### WHAT IS BEING ASKED
Starting at the first line of the entries below, please return exactly each line up to and including the one with "plane through (0, 0, 0)"; pictures stay out.

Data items
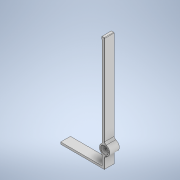
# Autodesk Inventor part: Fan PDP Lid
Saved by Autodesk Inventor 2020.3 (Build 243373010, 373A)
## iProperties
Created: 2019-12-31
Part Number: Fan PDP Lid
Material: Generic
Document SubType Name: Modeling
Designer: pepd9
Density: 1 g/cm^3
Appearance: Default
Author: pepd9
Autodesk Inventor part; units mm, degrees
ref_plane "YZ Plane" through (0, 0, 0) normal (1, 0, 0) x (0, 1, 0)
ref_plane "XZ Plane" through (0, 0, 0) normal (0, 1, 0) x (-1, 0, 0)
ref_plane "XY Plane" through (0, 0, 0) normal (0, 0, 1) x (1, 0, 0)
sketch "Sketch1" plane through (0, 0, 0) normal (0, 0, 1) x (1, 0, 0)
  line L0 (17.1597, -40.1235) -> (17.1597, -50)
  line L1 (17.1597, -50) -> (19.1597, -50)
  line L2 (19.1597, -50) -> (19.1597, -41.1847)
  arc A0 (20.5443, -39.2817) -> (19.1597, -41.1847) centre (21.1597, -41.1847) ccw
  arc A1 (20.5443, -39.2817) -> (20.5443, -30.7183) centre (19.1597, -35) ccw
  arc A2 (19.1597, -28.8153) -> (20.5443, -30.7183) centre (21.1597, -28.8153) ccw
  line L3 (19.1597, -28.8153) -> (19.1597, 49.6)
  arc A3 (19.1597, 49.6) -> (18.7597, 50) centre (18.7597, 49.6) ccw
  line L4 (18.7597, 50) -> (16.7597, 50)
  arc A4 (17.1597, 47.6) -> (16.7597, 48) centre (16.7597, 47.6) ccw
  line L5 (17.1597, 47.6) -> (17.1597, -29.8765)
  arc A5 (16.3905, -31.453) -> (17.1597, -29.8765) centre (15.1597, -29.8765) ccw
  arc A6 (16.3905, -31.453) -> (16.3905, -38.547) centre (19.1597, -35) ccw
  arc A7 (17.1597, -40.1235) -> (16.3905, -38.547) centre (15.1597, -40.1235) ccw
  line L6 (-19.1597, -50) -> (19.1597, -50)
  line L7 (19.1597, -50) -> (19.1597, -48)
  line L8 (19.1597, -48) -> (-19.1597, -48)
  line L9 (-19.1597, -48) -> (-19.1597, -50)
  circle A8 centre (19.1597, -35) radius 2.2
  line L10 (16.7597, 50) -> (16.7597, 48)
  point P0 (0, 0)
  point P1 (17.1605, -50)
  point P2 (17.1597, -48)
  dimension "d0" = 2
  constraints: 22 end point, 16 point on circle, 9 centre point, 1 horizontal, 1 parallel, 1 point on line
  measures "d0" distance between parallel lines of L8 L6
extrude "Extrusion1" add sketch "Sketch1" along normal blind 7 contours A7 A6 A5 L5 A4 L10 L4 A3 L3 A2 A1 A0 L2 L8 L0 | L8 L2 L1 L0 | L0 L6 L9 L8 | A8
sketch "Sketch2" plane through (0, 0, 7) normal (0, 0, 1) x (1, 0, 0)
  line L0 (-19.1597, -50) -> (19.1597, -50) projected
  line L1 (19.1597, -50) -> (19.1597, -41.1847) projected
  arc A0 (20.5443, -39.2817) -> (19.1597, -41.1847) centre (21.1597, -41.1847) ccw projected
  arc A1 (20.5443, -39.2817) -> (20.5443, -30.7183) centre (19.1597, -35) ccw projected
  arc A2 (19.1597, -28.8153) -> (20.5443, -30.7183) centre (21.1597, -28.8153) ccw projected
  line L2 (19.1597, -28.8153) -> (19.1597, 49.6) projected
  arc A3 (19.1597, 49.6) -> (18.7597, 50) centre (18.7597, 49.6) ccw projected
  line L3 (18.7597, 50) -> (16.7597, 50) projected
  arc A4 (17.1597, 47.6) -> (16.7597, 48) centre (16.7597, 47.6) ccw projected
  line L4 (17.1597, 47.6) -> (17.1597, -29.8765) projected
  arc A5 (16.3905, -31.453) -> (17.1597, -29.8765) centre (15.1597, -29.8765) ccw projected
  arc A6 (16.3905, -31.453) -> (16.3905, -38.547) centre (19.1597, -35) ccw projected
  arc A7 (17.1597, -40.1235) -> (16.3905, -38.547) centre (15.1597, -40.1235) ccw projected
  line L5 (17.1597, -40.1235) -> (17.1597, -48) projected
  line L6 (17.1597, -48) -> (-19.1597, -48) projected
  line L7 (16.7597, 50) -> (16.7597, 48) projected
  line L8 (-19.1597, -48) -> (-19.1597, -50) projected
  point P0 (0, 0)
extrude "Extrusion2" add sketch "Sketch2" along normal blind 1.5
fillet "Fillet1" radius 0.4 2 edges at (19.1597, -50, 7.75) (19.1597, -50, 3.5)
sketch "Sketch3" plane through (0, 0, 8.5) normal (0, 0, 1) x (1, 0, 0)
  line L0 (-17.1597, -48) -> (-17.1597, 26.9323) projected
  line L1 (-19.1597, -50) -> (18.7597, -50) projected
  arc A0 (18.7597, -50) -> (19.1597, -49.6) centre (18.7597, -49.6) ccw projected
  line L2 (19.1597, -49.6) -> (19.1597, -41.1847) projected
  arc A1 (20.5443, -39.2817) -> (19.1597, -41.1847) centre (21.1597, -41.1847) ccw projected
  arc A2 (20.5443, -39.2817) -> (20.5443, -30.7183) centre (19.1597, -35) ccw projected
  arc A3 (19.1597, -28.8153) -> (20.5443, -30.7183) centre (21.1597, -28.8153) ccw projected
  line L3 (19.1597, -28.8153) -> (19.1597, 49.6) projected
  arc A4 (19.1597, 49.6) -> (18.7597, 50) centre (18.7597, 49.6) ccw projected
  line L4 (18.7597, 50) -> (16.7597, 50) projected
  line L5 (16.7597, 50) -> (16.7597, 48) projected
  arc A5 (17.1597, 47.6) -> (16.7597, 48) centre (16.7597, 47.6) ccw projected
  line L6 (17.1597, 47.6) -> (17.1597, -29.8765) projected
  arc A6 (16.3905, -31.453) -> (17.1597, -29.8765) centre (15.1597, -29.8765) ccw projected
  arc A7 (16.3905, -31.453) -> (16.3905, -38.547) centre (19.1597, -35) ccw projected
  arc A8 (17.1597, -40.1235) -> (16.3905, -38.547) centre (15.1597, -40.1235) ccw projected
  line L7 (17.1597, -40.1235) -> (17.1597, -48) projected
  line L8 (17.1597, -48) -> (-19.1597, -48) projected
  line L9 (-19.1597, -48) -> (-19.1597, -50) projected
  point P0 (0, 0)
  point P1 (-4.5248, -20.5041)
  point P2 (-13.7791, 32.7713)
  constraints: 1 other
hole "Hole1" at (19.1597, -35, 8.5) at (-13.7791, 32.7713, 8.5) direction (0, 0, -1) diameter 3.4 end through all counterbore diameter 6.5 counterbore depth 3 clearance for "Socket Head Cap Screw" size "M3" standard "Ansi Metric M Profile"
sketch "Sketch4" plane through (19.1597, -35, 5.5) normal (0, 0, 1) x (1, 0, 0)
  circle A0 centre (0, 0) radius 3.25 projected
  circle A1 centre (0, 0) radius 3.25 projected
  circle A2 centre (0, 0) radius 1.7 projected
  circle A3 centre (-32.9388, 67.7713) radius 3.25 projected
  circle A4 centre (-32.9388, 67.7713) radius 1.7 projected
  line L0 (6.1601, -1.7) -> (-6.1601, -1.7)
  line L1 (-6.1601, -1.7) -> (-6.1601, 1.7)
  line L2 (-6.1601, 1.7) -> (6.1601, 1.7)
  line L3 (6.1601, 1.7) -> (6.1601, -1.7)
  circle A5 centre (0, 0) radius 3.25 projected
  line L4 (6.1601, -1.7) -> (-6.1601, 1.7) construction
  line L5 (-6.1601, -1.7) -> (6.1601, 1.7) construction
  arc A6 (-35.3905, 72.9289) -> (-38.3194, 65.8579) centre (-28.3194, 65.8579) ccw projected
  line L6 (-28.2339, 66.0713) -> (-37.6437, 66.0713)
  line L7 (-37.6437, 66.0713) -> (-37.6437, 69.4713)
  line L8 (-37.6437, 69.4713) -> (-28.2339, 69.4713)
  line L9 (-28.2339, 69.4713) -> (-28.2339, 66.0713)
  circle A7 centre (-32.9388, 67.7713) radius 1.7 projected
  line L10 (-28.2339, 66.0713) -> (-37.6437, 69.4713) construction
  line L11 (-37.6437, 66.0713) -> (-28.2339, 69.4713) construction
  point P0 (-19.1597, 35)
  point P1 (-30.1689, 69.4713)
  point P2 (-32.9388, 69.4713)
  point P3 (-32.9388, 66.0713)
  point P4 (-30.1689, 66.0713)
  point P5 (-35.7087, 69.4713)
  point P6 (-35.7087, 66.0713)
  point P7 (0, 1.7)
  point P8 (-2.7699, 1.7)
  point P9 (-2.7699, -1.7)
  point P10 (0, -1.7)
  point P11 (2.7699, 1.7)
  point P12 (2.7699, -1.7)
  dimension "d13" = 3.4
  dimension "d14" = 3.4
  constraints: 24 end point, 4 midpoint, 4 parallel, 2 horizontal, 2 perpendicular, 1 point on circle
  measures "d13" distance of L0.end L1.end
  measures "d14" distance of L6.end L7.end
extrude "Extrusion3" cut sketch "Sketch4" against normal blind 0.5 contours A0 L0 A2 L2 | L2 A2 L0 A0 | A3 L6 A4 L8 | L8 A4 L6 A3
sketch "Sketch5" plane through (19.1597, -35, 5) normal (0, 0, 1) x (1, 0, 0)
  arc A0 (-32.9388, 69.4713) -> (-32.9388, 66.0713) centre (-32.9388, 67.7713) ccw projected
  line L0 (-35.7087, 69.4713) -> (-32.9388, 69.4713) projected
  arc A1 (-35.7087, 69.4713) -> (-35.7087, 66.0713) centre (-32.9388, 67.7713) ccw projected
  line L1 (-32.9388, 66.0713) -> (-35.7087, 66.0713) projected
  arc A2 (-30.1689, 66.0713) -> (-30.1689, 69.4713) centre (-32.9388, 67.7713) ccw projected
  line L2 (-32.9388, 69.4713) -> (-30.1689, 69.4713) projected
  arc A3 (-32.9388, 66.0713) -> (-32.9388, 69.4713) centre (-32.9388, 67.7713) ccw projected
  line L3 (-30.1689, 66.0713) -> (-32.9388, 66.0713) projected
  arc A4 (0, 1.7) -> (0, -1.7) centre (0, 0) ccw projected
  line L4 (-2.7699, 1.7) -> (0, 1.7) projected
  arc A5 (-2.7699, 1.7) -> (-2.7699, -1.7) centre (0, 0) ccw projected
  line L5 (0, -1.7) -> (-2.7699, -1.7) projected
  line L6 (2.7699, -1.7) -> (0, -1.7) projected
  arc A6 (2.7699, -1.7) -> (2.7699, 1.7) centre (0, 0) ccw projected
  line L7 (0, 1.7) -> (2.7699, 1.7) projected
  arc A7 (0, -1.7) -> (0, 1.7) centre (0, 0) ccw projected
  line L8 (1.7, 1.7) -> (-1.7, 1.7)
  line L9 (-1.7, 1.7) -> (-1.7, -1.7)
  line L10 (-1.7, -1.7) -> (1.7, -1.7)
  line L11 (1.7, -1.7) -> (1.7, 1.7)
  line L12 (1.7, 1.7) -> (-1.7, -1.7) construction
  line L13 (-1.7, 1.7) -> (1.7, -1.7) construction
  line L14 (-31.2388, 66.0713) -> (-34.6388, 66.0713)
  line L15 (-34.6388, 66.0713) -> (-34.6388, 69.4713)
  line L16 (-34.6388, 69.4713) -> (-31.2388, 69.4713)
  line L17 (-31.2388, 69.4713) -> (-31.2388, 66.0713)
  line L18 (-31.2388, 66.0713) -> (-34.6388, 69.4713) construction
  line L19 (-34.6388, 66.0713) -> (-31.2388, 69.4713) construction
  point P0 (-19.1597, 35)
  point P1 (1.7, -1.7)
  point P2 (1.7, 1.7)
  point P3 (-1.7, 1.7)
  point P4 (-1.7, -1.7)
  dimension "d17" = 3.4
  dimension "d18" = 3.4
  dimension "d19" = 3.4
  dimension "d20" = 3.4
  constraints: 24 end point, 4 midpoint, 4 parallel, 2 horizontal, 2 perpendicular
  measures "d17" distance of L10.end L9.end
  measures "d18" distance of L9.end L8.end
  measures "d19" distance of L15.end L16.end
  measures "d20" distance of L14.end L15.end
extrude "Extrusion4" cut sketch "Sketch5" against normal blind 0.5 contours A3 A0 | A0 L15 L0 | L2 L17 A3 | A0 L1 L15 | L17 L3 A3 | A7 A4 | A4 L9 L4 | L7 L11 A7 | A4 L5 L9 | L11 L6 A7
sketch "Sketch6" plane through (0, 0, 8.5) normal (0, 0, 1) x (1, 0, 0)
  line L0 (-17.2523, -48.0084) -> (-17.2523, -4.1232) construction
  line L1 (-17.2523, -4.1232) -> (-6.8496, -4.1232) construction
  line L2 (-6.8496, -4.1232) -> (-6.8496, -48.0084) construction
  line L3 (-6.8496, -48.0084) -> (-17.2523, -48.0084) construction
  line L4 (-6.9988, -47.4715) -> (-16.9988, -47.4715)
  line L5 (-16.9988, -47.4715) -> (-16.9988, -43.5714)
  spline S0 degree 2 poles (-16.9988, -43.5714) (-16.9988, -42.2142) (-15.8131, -40.8048) (-14.5379, -40.596) knots 0 0 0 1 2 2 2
  spline S1 degree 2 poles (-14.5379, -40.596) (-14.1203, -40.5364) (-13.8295, -40.5214) (-13.7176, -40.5214) knots 0 0 0 1 2 2 2
  spline S2 degree 2 poles (-13.7176, -40.5214) (-12.3082, -40.5214) (-10.7273, -42.2664) (-10.7273, -43.825) knots 0 0 0 1 2 2 2
  line L6 (-10.7273, -43.825) -> (-10.7273, -44.6154)
  line L7 (-10.7273, -44.6154) -> (-6.9988, -44.6154)
  line L8 (-6.9988, -44.6154) -> (-6.9988, -47.4715)
  spline S3 degree 2 poles (-12.8302, -44.1904) (-12.8302, -43.9816) (-13.1807, -43.5341) (-13.5387, -43.4596) knots 0 0 0 1 2 2 2
  spline S4 degree 2 poles (-13.5387, -43.4596) (-13.7251, -43.4223) (-13.8892, -43.4223) knots 0 0 0 1 1 1
  spline S5 degree 2 poles (-13.8892, -43.4223) (-14.3515, -43.4223) (-14.8809, -43.8548) (-14.8809, -44.1605) knots 0 0 0 1 2 2 2
  line L9 (-14.8809, -44.1605) -> (-14.8809, -44.6154)
  line L10 (-14.8809, -44.6154) -> (-12.8302, -44.6154)
  line L11 (-12.8302, -44.6154) -> (-12.8302, -44.1904)
  line L12 (-6.9988, -40.1188) -> (-16.9988, -40.1188)
  line L13 (-16.9988, -40.1188) -> (-16.9988, -34.1083)
  line L14 (-16.9988, -34.1083) -> (-14.6871, -34.1083)
  line L15 (-14.6871, -34.1083) -> (-14.6871, -37.2627)
  line L16 (-14.6871, -37.2627) -> (-13.1956, -37.2627)
  line L17 (-13.1956, -37.2627) -> (-13.1956, -34.3022)
  line L18 (-13.1956, -34.3022) -> (-10.9809, -34.3022)
  line L19 (-10.9809, -34.3022) -> (-10.9809, -37.2627)
  line L20 (-10.9809, -37.2627) -> (-9.3105, -37.2627)
  line L21 (-9.3105, -37.2627) -> (-9.3105, -34.0039)
  line L22 (-9.3105, -34.0039) -> (-6.9988, -34.0039)
  line L23 (-6.9988, -34.0039) -> (-6.9988, -40.1188)
  line L24 (-6.9988, -33.3552) -> (-16.9988, -33.3552)
  line L25 (-16.9988, -33.3552) -> (-16.9988, -29.4551)
  spline S6 degree 2 poles (-16.9988, -29.4551) (-16.9988, -28.0979) (-15.8131, -26.6885) (-14.5379, -26.4797) knots 0 0 0 1 2 2 2
  spline S7 degree 2 poles (-14.5379, -26.4797) (-14.1203, -26.42) (-13.8295, -26.4051) (-13.7176, -26.4051) knots 0 0 0 1 2 2 2
  spline S8 degree 2 poles (-13.7176, -26.4051) (-12.3082, -26.4051) (-10.7273, -28.1501) (-10.7273, -29.7086) knots 0 0 0 1 2 2 2
  line L26 (-10.7273, -29.7086) -> (-10.7273, -30.4991)
  line L27 (-10.7273, -30.4991) -> (-6.9988, -30.4991)
  line L28 (-6.9988, -30.4991) -> (-6.9988, -33.3552)
  spline S9 degree 2 poles (-12.8302, -30.074) (-12.8302, -29.8652) (-13.1807, -29.4178) (-13.5387, -29.3432) knots 0 0 0 1 2 2 2
  spline S10 degree 2 poles (-13.5387, -29.3432) (-13.7251, -29.3059) (-13.8892, -29.3059) knots 0 0 0 1 1 1
  spline S11 degree 2 poles (-13.8892, -29.3059) (-14.3515, -29.3059) (-14.8809, -29.7384) (-14.8809, -30.0442) knots 0 0 0 1 2 2 2
  line L29 (-14.8809, -30.0442) -> (-14.8809, -30.4991)
  line L30 (-14.8809, -30.4991) -> (-12.8302, -30.4991)
  line L31 (-12.8302, -30.4991) -> (-12.8302, -30.074)
  line L32 (-13.2255, -15.3835) -> (-13.2255, -18.1352)
  line L33 (-13.2255, -18.1352) -> (-13.8892, -18.1426)
  spline S12 degree 2 poles (-13.8892, -18.1426) (-14.3813, -18.1426) (-14.7169, -18.1948) (-15.0226, -18.3216) (-15.1718, -18.5751) (-15.1718, -18.7392) knots 0 0 0 1 2 3 4 4 4
  spline S13 degree 2 poles (-15.1718, -18.7392) (-15.1718, -18.9331) (-14.866, -19.2388) (-13.8817, -19.3134) (-11.8235, -19.3134) knots 0 0 0 1 2 3 3 3
  spline S14 degree 2 poles (-11.8235, -19.3134) (-10.2202, -19.3134) (-9.2807, -19.2388) (-9.0868, -19.1419) knots 0 0 0 1 2 2 2
  spline S15 degree 2 poles (-9.0868, -19.1419) (-8.781, -18.9853) (-8.781, -18.6572) knots 0 0 0 1 1 1
  spline S16 degree 2 poles (-8.781, -18.6572) (-8.781, -18.4558) (-9.0868, -18.1501) (-9.7057, -18.0457) (-10.7199, -18.0457) knots 0 0 0 1 2 3 3 3
  line L34 (-10.7199, -18.0457) -> (-11.1673, -18.0457)
  line L35 (-11.1673, -18.0457) -> (-11.1673, -15.2567)
  spline S17 degree 2 poles (-11.1673, -15.2567) (-10.8839, -15.2567) (-10.6006, -15.2567) (-10.4514, -15.2567) knots 0 0 0 1 2 2 2
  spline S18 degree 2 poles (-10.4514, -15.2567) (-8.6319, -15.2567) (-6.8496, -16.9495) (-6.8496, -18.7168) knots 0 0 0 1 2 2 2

### COMPLETED TASK
# Autodesk Inventor part: Fan PDP Lid
Saved by Autodesk Inventor 2020.3 (Build 243373010, 373A)
## iProperties
Created: 2019-12-31
Part Number: Fan PDP Lid
Material: Generic
Document SubType Name: Modeling
Designer: pepd9
Density: 1 g/cm^3
Appearance: Default
Author: pepd9
Autodesk Inventor part; units mm, degrees
ref_plane "YZ Plane" through (0, 0, 0) normal (1, 0, 0) x (0, 1, 0)
ref_plane "XZ Plane" through (0, 0, 0) normal (0, 1, 0) x (-1, 0, 0)
ref_plane "XY Plane" through (0, 0, 0) normal (0, 0, 1) x (1, 0, 0)
sketch "Sketch1" plane through (0, 0, 0) normal (0, 0, 1) x (1, 0, 0)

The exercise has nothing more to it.